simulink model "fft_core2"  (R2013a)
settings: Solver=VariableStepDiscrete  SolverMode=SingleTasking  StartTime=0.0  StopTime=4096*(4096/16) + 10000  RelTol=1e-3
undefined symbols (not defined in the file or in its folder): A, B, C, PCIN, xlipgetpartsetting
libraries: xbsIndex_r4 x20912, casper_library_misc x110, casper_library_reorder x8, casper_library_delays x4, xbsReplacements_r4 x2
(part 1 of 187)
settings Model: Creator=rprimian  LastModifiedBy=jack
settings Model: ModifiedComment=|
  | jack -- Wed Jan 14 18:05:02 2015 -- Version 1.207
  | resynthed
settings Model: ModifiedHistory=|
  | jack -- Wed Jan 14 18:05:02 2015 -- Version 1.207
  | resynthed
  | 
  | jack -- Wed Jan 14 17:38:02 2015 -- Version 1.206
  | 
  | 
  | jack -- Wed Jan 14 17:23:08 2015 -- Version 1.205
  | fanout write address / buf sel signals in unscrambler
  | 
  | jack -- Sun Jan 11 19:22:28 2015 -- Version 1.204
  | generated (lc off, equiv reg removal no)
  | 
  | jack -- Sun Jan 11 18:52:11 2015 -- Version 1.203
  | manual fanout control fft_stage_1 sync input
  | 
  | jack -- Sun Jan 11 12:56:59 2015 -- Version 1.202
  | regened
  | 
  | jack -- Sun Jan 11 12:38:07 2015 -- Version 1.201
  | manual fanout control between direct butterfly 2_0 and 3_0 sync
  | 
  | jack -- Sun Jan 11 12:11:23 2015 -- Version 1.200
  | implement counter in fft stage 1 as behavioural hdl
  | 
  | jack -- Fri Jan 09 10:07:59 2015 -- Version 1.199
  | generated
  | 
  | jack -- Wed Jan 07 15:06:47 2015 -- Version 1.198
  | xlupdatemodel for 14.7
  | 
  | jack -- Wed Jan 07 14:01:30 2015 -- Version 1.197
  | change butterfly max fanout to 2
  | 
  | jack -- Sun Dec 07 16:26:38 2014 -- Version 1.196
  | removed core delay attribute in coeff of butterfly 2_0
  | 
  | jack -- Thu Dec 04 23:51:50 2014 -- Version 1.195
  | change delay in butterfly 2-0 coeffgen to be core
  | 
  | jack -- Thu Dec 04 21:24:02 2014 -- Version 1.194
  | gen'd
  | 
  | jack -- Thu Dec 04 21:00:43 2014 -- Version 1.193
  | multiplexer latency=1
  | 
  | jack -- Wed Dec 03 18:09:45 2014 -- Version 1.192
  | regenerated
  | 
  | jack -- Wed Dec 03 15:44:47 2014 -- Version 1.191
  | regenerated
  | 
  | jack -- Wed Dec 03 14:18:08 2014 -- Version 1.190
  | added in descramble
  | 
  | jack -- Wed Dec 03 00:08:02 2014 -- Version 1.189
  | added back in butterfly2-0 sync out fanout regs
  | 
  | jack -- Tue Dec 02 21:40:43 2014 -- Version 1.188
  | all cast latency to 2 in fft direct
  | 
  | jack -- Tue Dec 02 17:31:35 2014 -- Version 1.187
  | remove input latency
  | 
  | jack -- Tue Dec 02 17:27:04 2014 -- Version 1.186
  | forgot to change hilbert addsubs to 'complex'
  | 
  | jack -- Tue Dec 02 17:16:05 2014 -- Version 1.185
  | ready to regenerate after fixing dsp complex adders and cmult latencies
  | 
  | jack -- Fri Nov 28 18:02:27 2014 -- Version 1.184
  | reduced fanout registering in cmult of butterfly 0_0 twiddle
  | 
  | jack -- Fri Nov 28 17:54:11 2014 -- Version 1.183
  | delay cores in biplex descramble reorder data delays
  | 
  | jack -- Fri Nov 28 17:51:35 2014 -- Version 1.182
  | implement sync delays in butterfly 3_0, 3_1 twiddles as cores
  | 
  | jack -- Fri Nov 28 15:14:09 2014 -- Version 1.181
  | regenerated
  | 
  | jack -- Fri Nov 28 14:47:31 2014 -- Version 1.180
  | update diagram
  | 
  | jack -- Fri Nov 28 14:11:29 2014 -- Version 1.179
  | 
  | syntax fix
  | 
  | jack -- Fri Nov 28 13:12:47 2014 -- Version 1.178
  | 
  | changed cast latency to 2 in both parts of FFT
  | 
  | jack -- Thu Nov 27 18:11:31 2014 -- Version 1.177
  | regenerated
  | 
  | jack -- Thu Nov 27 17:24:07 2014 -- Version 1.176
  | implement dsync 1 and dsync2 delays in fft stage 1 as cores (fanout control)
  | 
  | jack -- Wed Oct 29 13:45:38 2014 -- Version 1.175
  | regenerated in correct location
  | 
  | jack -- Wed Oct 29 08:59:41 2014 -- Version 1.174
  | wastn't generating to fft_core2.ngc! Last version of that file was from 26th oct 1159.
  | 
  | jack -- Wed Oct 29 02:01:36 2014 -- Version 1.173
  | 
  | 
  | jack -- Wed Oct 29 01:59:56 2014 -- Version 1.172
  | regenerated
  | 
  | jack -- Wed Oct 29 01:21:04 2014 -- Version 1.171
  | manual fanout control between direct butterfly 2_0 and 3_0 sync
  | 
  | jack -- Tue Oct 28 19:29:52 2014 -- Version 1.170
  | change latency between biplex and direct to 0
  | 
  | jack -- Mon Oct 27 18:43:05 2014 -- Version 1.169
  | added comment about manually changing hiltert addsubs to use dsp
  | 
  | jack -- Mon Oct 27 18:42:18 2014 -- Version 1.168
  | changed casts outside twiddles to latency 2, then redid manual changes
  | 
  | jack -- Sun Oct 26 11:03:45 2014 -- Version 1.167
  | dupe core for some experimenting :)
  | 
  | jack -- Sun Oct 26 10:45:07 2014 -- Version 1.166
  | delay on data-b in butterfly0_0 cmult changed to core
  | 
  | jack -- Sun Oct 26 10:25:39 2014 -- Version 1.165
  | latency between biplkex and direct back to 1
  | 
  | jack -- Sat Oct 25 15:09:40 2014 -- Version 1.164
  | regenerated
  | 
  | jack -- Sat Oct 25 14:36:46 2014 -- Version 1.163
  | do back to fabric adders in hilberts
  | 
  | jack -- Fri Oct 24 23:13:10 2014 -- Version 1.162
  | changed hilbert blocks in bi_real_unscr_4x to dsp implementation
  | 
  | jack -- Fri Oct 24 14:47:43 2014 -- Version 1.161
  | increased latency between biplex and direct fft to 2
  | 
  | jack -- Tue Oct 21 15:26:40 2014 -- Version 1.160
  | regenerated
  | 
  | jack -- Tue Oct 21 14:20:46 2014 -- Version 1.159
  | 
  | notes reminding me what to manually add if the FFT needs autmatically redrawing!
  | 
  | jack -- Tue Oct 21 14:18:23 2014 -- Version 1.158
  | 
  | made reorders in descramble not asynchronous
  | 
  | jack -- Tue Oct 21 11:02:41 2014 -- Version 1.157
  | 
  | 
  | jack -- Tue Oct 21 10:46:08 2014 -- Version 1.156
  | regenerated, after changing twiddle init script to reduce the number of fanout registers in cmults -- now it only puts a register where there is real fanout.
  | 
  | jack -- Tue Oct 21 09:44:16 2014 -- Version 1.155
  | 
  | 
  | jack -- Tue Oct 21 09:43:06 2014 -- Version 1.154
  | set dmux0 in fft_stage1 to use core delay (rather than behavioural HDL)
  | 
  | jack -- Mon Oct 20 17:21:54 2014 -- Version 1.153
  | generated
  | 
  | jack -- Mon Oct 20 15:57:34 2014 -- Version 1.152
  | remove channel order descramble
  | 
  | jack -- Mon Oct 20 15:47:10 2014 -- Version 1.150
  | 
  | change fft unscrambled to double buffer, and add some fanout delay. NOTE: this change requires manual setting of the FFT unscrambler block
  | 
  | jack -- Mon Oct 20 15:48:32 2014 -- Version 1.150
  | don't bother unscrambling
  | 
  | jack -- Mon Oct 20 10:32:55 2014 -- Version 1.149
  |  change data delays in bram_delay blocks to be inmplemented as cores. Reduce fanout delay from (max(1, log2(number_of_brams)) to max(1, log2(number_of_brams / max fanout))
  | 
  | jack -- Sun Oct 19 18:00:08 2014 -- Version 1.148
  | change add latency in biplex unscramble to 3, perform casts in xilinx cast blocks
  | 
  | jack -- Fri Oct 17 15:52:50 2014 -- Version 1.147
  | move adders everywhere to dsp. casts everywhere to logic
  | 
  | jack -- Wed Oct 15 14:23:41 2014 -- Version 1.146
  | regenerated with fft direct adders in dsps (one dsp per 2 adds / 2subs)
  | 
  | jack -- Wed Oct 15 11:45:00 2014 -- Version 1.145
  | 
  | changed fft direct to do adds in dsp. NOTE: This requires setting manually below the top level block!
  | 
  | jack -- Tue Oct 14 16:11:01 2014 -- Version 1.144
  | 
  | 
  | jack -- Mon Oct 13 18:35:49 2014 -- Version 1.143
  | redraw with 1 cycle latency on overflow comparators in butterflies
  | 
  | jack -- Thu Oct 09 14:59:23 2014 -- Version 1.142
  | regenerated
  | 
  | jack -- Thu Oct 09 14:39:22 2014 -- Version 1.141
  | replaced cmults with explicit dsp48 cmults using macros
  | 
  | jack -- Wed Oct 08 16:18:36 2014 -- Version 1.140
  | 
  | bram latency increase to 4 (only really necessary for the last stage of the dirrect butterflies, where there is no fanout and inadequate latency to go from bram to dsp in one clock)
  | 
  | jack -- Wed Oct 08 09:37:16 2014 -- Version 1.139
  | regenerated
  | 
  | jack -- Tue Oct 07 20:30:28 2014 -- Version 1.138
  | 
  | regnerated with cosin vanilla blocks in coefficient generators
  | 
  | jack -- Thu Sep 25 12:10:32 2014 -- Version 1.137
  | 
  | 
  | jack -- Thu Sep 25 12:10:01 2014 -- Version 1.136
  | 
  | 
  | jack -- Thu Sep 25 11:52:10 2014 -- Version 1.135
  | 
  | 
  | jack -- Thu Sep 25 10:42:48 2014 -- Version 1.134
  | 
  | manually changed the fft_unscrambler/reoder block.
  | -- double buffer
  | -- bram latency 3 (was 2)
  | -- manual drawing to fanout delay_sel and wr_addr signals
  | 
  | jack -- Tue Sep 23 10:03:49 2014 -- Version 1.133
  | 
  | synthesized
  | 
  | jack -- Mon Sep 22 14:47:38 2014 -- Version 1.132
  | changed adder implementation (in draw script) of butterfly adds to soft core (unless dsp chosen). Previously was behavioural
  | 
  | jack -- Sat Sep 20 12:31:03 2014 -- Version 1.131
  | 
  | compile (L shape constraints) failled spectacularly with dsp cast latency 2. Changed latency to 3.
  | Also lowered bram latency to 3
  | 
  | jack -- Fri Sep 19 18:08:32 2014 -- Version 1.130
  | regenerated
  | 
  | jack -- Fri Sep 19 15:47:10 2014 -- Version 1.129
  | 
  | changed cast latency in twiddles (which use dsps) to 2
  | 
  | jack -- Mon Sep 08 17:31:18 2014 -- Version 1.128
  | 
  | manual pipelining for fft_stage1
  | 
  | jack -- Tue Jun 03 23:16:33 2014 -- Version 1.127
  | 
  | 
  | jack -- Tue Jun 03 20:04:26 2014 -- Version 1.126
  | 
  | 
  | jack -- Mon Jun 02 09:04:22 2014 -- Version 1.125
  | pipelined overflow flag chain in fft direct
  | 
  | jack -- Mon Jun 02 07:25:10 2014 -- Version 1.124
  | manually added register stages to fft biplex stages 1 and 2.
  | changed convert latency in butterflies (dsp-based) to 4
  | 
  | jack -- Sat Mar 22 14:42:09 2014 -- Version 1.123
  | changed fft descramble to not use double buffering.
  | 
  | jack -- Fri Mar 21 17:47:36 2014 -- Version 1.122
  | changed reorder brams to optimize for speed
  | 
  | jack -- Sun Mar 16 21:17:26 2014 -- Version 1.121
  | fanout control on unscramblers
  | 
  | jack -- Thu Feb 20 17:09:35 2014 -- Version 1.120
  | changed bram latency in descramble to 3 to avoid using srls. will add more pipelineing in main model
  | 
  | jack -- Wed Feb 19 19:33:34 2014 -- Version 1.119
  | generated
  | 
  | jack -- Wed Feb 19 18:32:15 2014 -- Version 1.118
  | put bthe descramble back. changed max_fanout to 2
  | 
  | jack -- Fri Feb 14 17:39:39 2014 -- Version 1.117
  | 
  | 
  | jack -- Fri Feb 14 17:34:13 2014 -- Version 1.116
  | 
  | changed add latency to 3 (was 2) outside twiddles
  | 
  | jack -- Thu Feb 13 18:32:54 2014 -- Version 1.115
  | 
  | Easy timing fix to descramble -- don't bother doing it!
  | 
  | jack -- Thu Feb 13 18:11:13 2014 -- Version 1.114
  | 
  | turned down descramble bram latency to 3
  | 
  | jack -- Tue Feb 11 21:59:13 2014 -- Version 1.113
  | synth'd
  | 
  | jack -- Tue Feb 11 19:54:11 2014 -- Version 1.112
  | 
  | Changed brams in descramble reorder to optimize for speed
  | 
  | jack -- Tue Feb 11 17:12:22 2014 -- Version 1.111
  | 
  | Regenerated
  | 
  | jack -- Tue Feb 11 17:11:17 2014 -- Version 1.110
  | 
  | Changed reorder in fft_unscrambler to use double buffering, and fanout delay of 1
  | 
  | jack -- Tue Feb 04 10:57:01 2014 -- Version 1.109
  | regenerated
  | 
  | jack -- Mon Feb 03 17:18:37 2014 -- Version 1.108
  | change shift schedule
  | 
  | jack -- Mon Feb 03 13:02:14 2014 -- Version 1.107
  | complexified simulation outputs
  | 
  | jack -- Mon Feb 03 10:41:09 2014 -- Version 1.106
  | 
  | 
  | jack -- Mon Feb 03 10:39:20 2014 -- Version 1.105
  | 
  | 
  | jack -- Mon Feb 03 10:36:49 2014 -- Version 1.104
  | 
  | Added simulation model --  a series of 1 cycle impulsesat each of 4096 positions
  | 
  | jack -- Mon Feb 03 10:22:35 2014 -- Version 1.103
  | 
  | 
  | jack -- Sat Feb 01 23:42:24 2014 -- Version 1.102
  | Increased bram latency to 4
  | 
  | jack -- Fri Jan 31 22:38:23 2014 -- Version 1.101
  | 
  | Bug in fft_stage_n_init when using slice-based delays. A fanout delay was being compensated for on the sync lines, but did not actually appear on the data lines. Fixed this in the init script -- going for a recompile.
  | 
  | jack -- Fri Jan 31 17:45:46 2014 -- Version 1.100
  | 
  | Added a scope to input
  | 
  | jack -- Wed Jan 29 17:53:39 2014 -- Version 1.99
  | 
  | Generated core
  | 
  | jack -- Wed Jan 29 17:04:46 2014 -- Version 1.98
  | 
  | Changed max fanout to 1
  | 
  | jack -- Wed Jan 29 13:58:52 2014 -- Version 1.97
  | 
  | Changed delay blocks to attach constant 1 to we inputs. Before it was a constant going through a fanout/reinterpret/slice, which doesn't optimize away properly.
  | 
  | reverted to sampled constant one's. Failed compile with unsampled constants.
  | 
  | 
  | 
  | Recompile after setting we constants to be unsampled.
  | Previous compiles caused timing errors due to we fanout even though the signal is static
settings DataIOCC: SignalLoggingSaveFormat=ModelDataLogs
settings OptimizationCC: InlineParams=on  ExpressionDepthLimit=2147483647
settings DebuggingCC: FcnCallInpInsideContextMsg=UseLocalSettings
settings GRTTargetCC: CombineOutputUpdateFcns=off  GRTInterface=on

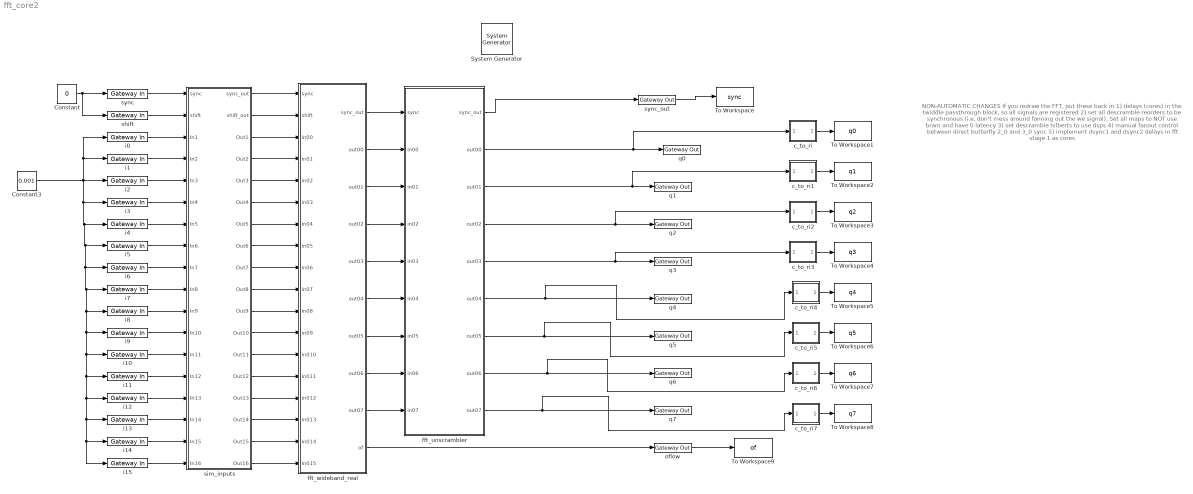
== system fft_core2 ==
  note: NON-AUTOMATIC CHANGES
      |
      | If you redraw the FFT, put these back in
      |
      | 1) delays (cores) in the twiddle passthrough block, so all signals are registered
      |
      | 2) set all descramble reorders to be synchronous (i.e, don't mess around fanning
      | out the we signal). Set all maps to NOT use bram and have 0 latency
      |
      | 3) set descramble hilberts to use dsps
      |
      | 4) manual fanout control between direct butterfly 2_0 and 3_0 sync
      |
      | 5) implement dsync1 and dsync2 delays in fft stage 1 as cores
  " System Generator" : xbsIndex_r4/ System Generator  Tag=genX  xilinxfamily=virtex6  part=xc6vsx475t  speed=-1  package=ff1759  synthesis_tool=XST  clock_wrapper=Clock Enables  directory=./fft_core2  proj_type=Project Navigator  Synth_file=XST Defaults  Impl_file=ISE Defaults  testbench=off  simulink_period=1  sysclk_period=3  dcm_input_clock_period=100  incr_netlist=off  trim_vbits=Everywhere in SubSystem  dbl_ovrd=According to Block Masks  core_generation=According to Block Masks  run_coregen=off  deprecated_control=off  eval_field=0  block_type=sysgen
      settings: block_version=11.4
  Constant : Constant  Value=0
  Constant3 : Constant  Value=0.001
  To Workspace : ToWorkspace  VariableName=sync  SampleTime=-1  SaveFormat=Timeseries
  To Workspace1 : ToWorkspace  VariableName=q0  SampleTime=-1  SaveFormat=Timeseries
  To Workspace2 : ToWorkspace  VariableName=q1  SampleTime=-1  SaveFormat=Timeseries
  To Workspace3 : ToWorkspace  VariableName=q2  SampleTime=-1  SaveFormat=Timeseries
  To Workspace4 : ToWorkspace  VariableName=q3  SampleTime=-1  SaveFormat=Timeseries
  To Workspace5 : ToWorkspace  VariableName=q4  SampleTime=-1  SaveFormat=Timeseries
  To Workspace6 : ToWorkspace  VariableName=q5  SampleTime=-1  SaveFormat=Timeseries
  To Workspace7 : ToWorkspace  VariableName=q6  SampleTime=-1  SaveFormat=Timeseries
  To Workspace8 : ToWorkspace  VariableName=q7  SampleTime=-1  SaveFormat=Timeseries
  To Workspace9 : ToWorkspace  VariableName=of  SampleTime=-1  SaveFormat=Timeseries
  c_to_ri : Subsystem
  c_to_ri1 : Subsystem
  c_to_ri2 : Subsystem
  c_to_ri3 : Subsystem
  c_to_ri4 : Subsystem
  c_to_ri5 : Subsystem
  c_to_ri6 : Subsystem
  c_to_ri7 : Subsystem
  fft_unscrambler : Subsystem  AncestorBlock=casper_library_ffts/fft_unscrambler  mask(fft_unscrambler){n_streams=1, FFTSize=11, n_inputs=3, n_bits_in=18, bram_latency=3, coeffs_bit_limit=8, async=off}
      mask prompts: n_streams "Number of simultaneous streams"; FFTSize "Size of FFT: (2^?)"; n_inputs "Number of simultaneous inputs: (2^?)"; n_bits_in "Input bit width"; bram_latency "BRAM Latency"; coeffs_bit_limit "Number bits above which to store map coefficients in BRAM (2^? bits)"; async "Asynchronous operation"
      mask init:
      | fft_unscrambler_init(gcb, ...
      |     'n_streams', n_streams, ...
      |     'FFTSize',FFTSize, ... 
      |     'n_inputs', n_inputs, ...
      |     'n_bits_in', n_bits_in, ...
      |     'bram_latency', bram_latency, ...
      |     'coeffs_bit_limit', coeffs_bit_limit, ...
      |     'async', async);
      settings: AttributesFormatString=FFTSize=11, n_inputs=3
  fft_wideband_real : Subsystem  Tag=casper:fft_wideband_real  AncestorBlock=casper_library_ffts/fft_wideband_real  mask(fft_wideband_real){n_streams=1, FFTSize=12, n_inputs=4, input_bit_width=18, bin_pt_in=17, coeff_bit_width=18, unscramble=off, async=off, add_latency=2, add_latency_twiddles=1, mult_latency=3, bram_latency=3, conv_latency=1, conv_latency_twiddles=1, input_latency=0, biplex_direct_latency=0, quantization=Round  (unbiased: +/- Inf), overflow=Wrap, delays_bit_limit=8, coeffs_bit_limit=8, coeff_sharing=off, coeff_decimation=off, coeff_generation=off, cal_bits=1, n_bits_rotation=25, mult_spec=1, max_fanout=4, bitgrowth=off, max_bits=19, hardcode_shifts=off, shift_schedule=[], dsp48_adders=on, conv_imp_twiddles=Xilinx Cast Block, conv_imp=Xilinx Cast Block}
      mask prompts: n_streams "Number simultaneous streams"; FFTSize "Size of FFT: (2^? pts)"; n_inputs "Number of Simultaneous Inputs: (2^?)"; input_bit_width "Input Bit Width"; bin_pt_in "Input binary point"; coeff_bit_width "Coefficient Bit Width"; unscramble "Unscramble output (ie, put channels in canonical order)"; async "Asynchronous operation"; add_latency "Add Latency"; add_latency_twiddles "Add Latency (in twiddles)"; mult_latency "Mult Latency"; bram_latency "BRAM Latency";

Task requirements>
When a line above includes the word "reorders", please list that line.

Result>
  | made reorders in descramble not asynchronous
      | 2) set all descramble reorders to be synchronous (i.e, don't mess around fanning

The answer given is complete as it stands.